Comment 11 Jeremy Katz 2008-04-09 12:03:55 EDT
In your picture, there's not any comments about killing processes... are you sure 'nokill' isn't lingering in your pxe config from when you were trying it last week? As that (well, or running init in test mode which is even more likely) is the only way I can see that processes wouldn't be killed. And if processes don't get killed things will start to go wacky, no question. We could probably improve that situation (it used to be better), but there are some dragons there that I really don't want to fight at this late stage of the game.
Comment 12 Dave Jones 2008-04-09 16:01:59 EDT
nggh. boy do I feel dumb. somehow I added that to the wrong stanza in my pxeconfig. So yes, my 'install by hand' was also using nokill. So, NOTABUG I guess.
Comment 13 Jeremy Katz 2008-04-09 20:20:44 EDT
Or at least, "try again when you get home, let us know if it still happens".
Comment 14 Dave Jones 2008-04-13 18:19:50 EDT
as expected, it works fine without nokill.
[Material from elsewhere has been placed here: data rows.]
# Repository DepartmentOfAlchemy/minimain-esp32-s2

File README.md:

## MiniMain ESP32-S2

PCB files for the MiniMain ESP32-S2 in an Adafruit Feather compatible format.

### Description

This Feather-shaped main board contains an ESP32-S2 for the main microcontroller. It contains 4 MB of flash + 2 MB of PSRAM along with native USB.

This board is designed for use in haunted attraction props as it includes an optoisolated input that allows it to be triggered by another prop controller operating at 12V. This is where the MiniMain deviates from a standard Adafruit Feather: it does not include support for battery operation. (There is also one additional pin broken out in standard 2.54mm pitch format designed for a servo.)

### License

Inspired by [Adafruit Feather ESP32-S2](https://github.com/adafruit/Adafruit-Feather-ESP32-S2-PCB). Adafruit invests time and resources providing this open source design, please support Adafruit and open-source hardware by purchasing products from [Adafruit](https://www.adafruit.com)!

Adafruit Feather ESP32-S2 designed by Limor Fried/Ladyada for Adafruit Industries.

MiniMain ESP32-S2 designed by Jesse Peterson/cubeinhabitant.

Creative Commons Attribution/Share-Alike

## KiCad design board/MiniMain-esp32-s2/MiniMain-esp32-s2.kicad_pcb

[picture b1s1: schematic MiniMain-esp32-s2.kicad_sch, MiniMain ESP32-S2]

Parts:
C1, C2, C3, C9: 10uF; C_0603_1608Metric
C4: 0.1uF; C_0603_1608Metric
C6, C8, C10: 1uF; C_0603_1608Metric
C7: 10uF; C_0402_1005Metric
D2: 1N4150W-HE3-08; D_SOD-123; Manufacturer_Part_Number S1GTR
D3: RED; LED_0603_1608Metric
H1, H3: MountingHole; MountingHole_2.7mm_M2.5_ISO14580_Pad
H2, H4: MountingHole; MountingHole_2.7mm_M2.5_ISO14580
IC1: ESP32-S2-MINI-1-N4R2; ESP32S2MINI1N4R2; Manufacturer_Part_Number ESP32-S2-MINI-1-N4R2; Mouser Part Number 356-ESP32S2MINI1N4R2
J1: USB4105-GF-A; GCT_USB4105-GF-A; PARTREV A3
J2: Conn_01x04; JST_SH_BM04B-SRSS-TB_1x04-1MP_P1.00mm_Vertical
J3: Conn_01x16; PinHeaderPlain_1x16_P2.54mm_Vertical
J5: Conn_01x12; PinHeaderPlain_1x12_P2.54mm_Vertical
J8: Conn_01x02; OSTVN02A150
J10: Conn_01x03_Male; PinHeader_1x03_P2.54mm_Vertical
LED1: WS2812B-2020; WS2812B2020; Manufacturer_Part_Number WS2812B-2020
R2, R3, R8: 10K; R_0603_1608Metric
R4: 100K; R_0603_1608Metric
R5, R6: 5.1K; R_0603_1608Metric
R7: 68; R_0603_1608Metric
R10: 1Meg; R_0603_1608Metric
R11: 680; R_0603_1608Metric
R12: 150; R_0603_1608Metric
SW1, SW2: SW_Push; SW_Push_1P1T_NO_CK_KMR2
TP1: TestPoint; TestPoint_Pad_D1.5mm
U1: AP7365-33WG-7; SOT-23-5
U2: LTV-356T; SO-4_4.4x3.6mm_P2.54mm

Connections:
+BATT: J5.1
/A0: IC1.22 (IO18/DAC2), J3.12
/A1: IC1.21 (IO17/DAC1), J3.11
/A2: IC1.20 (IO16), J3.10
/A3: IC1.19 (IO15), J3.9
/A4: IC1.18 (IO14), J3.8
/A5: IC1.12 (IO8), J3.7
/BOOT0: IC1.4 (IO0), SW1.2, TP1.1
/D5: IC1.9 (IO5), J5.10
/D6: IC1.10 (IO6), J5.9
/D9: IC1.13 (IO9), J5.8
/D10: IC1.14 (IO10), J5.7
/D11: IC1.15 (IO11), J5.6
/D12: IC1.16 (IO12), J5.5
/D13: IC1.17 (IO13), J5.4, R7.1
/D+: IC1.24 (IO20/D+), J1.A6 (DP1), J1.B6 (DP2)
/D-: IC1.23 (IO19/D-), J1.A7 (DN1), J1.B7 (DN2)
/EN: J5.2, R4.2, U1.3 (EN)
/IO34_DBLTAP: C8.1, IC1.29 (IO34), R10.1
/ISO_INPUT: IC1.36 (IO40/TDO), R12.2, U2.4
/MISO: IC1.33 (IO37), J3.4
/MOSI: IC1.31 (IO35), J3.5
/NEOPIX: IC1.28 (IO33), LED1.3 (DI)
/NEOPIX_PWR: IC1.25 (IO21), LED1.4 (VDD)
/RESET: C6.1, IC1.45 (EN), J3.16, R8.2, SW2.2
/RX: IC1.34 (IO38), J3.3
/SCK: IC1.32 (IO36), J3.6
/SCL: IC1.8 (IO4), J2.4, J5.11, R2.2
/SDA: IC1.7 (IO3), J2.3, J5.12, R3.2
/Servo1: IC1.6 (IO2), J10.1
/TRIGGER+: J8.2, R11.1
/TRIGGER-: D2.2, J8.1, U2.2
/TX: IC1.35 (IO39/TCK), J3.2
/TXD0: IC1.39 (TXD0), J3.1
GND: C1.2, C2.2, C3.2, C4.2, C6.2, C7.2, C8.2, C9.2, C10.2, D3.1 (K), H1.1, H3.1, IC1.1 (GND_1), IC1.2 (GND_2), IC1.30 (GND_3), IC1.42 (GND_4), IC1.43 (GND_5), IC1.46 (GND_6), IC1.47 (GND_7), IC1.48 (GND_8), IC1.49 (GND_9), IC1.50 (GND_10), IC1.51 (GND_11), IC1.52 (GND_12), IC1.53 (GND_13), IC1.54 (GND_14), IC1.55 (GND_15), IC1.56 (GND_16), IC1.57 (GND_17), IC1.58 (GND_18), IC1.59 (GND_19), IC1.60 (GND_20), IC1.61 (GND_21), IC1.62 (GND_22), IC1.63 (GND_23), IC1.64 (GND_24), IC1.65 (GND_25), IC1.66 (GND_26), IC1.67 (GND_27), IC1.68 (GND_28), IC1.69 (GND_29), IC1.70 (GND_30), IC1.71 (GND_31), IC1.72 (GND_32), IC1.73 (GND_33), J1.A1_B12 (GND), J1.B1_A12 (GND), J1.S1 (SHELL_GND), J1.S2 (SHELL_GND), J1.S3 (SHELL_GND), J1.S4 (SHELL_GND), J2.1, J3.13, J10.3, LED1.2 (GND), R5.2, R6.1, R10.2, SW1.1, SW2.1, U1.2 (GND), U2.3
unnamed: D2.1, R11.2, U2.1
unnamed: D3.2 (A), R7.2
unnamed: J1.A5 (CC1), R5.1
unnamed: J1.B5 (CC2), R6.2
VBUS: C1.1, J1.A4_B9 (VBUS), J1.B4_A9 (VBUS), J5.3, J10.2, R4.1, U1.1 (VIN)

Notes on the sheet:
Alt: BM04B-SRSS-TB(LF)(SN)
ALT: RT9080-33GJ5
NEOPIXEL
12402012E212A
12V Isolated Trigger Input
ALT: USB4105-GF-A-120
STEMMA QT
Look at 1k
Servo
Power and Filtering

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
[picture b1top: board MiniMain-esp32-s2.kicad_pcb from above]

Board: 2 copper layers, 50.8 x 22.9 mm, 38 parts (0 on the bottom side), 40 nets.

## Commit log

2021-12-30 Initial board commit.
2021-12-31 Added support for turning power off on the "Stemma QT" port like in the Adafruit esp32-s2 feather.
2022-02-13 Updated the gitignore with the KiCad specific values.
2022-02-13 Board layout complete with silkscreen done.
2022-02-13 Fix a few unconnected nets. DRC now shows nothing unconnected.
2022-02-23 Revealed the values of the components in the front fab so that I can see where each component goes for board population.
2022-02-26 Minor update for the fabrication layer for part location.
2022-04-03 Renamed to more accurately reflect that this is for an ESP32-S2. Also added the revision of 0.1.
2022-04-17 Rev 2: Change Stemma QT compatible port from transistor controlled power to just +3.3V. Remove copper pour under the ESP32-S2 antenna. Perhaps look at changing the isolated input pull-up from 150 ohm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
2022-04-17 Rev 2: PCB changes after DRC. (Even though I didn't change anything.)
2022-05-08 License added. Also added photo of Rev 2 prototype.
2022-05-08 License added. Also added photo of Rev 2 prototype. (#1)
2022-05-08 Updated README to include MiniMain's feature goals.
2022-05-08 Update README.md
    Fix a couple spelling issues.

Is it worth leaving this open though, and repurposing it to improve nokill handling of this situation ?
Comment 15 Jeremy Katz 2008-04-13 18:38:41 EDT
There's not really any way to improve nokill's handling here -- the problem is that the shell is one of the things we really don't want to kill, but it's running out of stage2 which is on the filesystem thus we can't unmount it.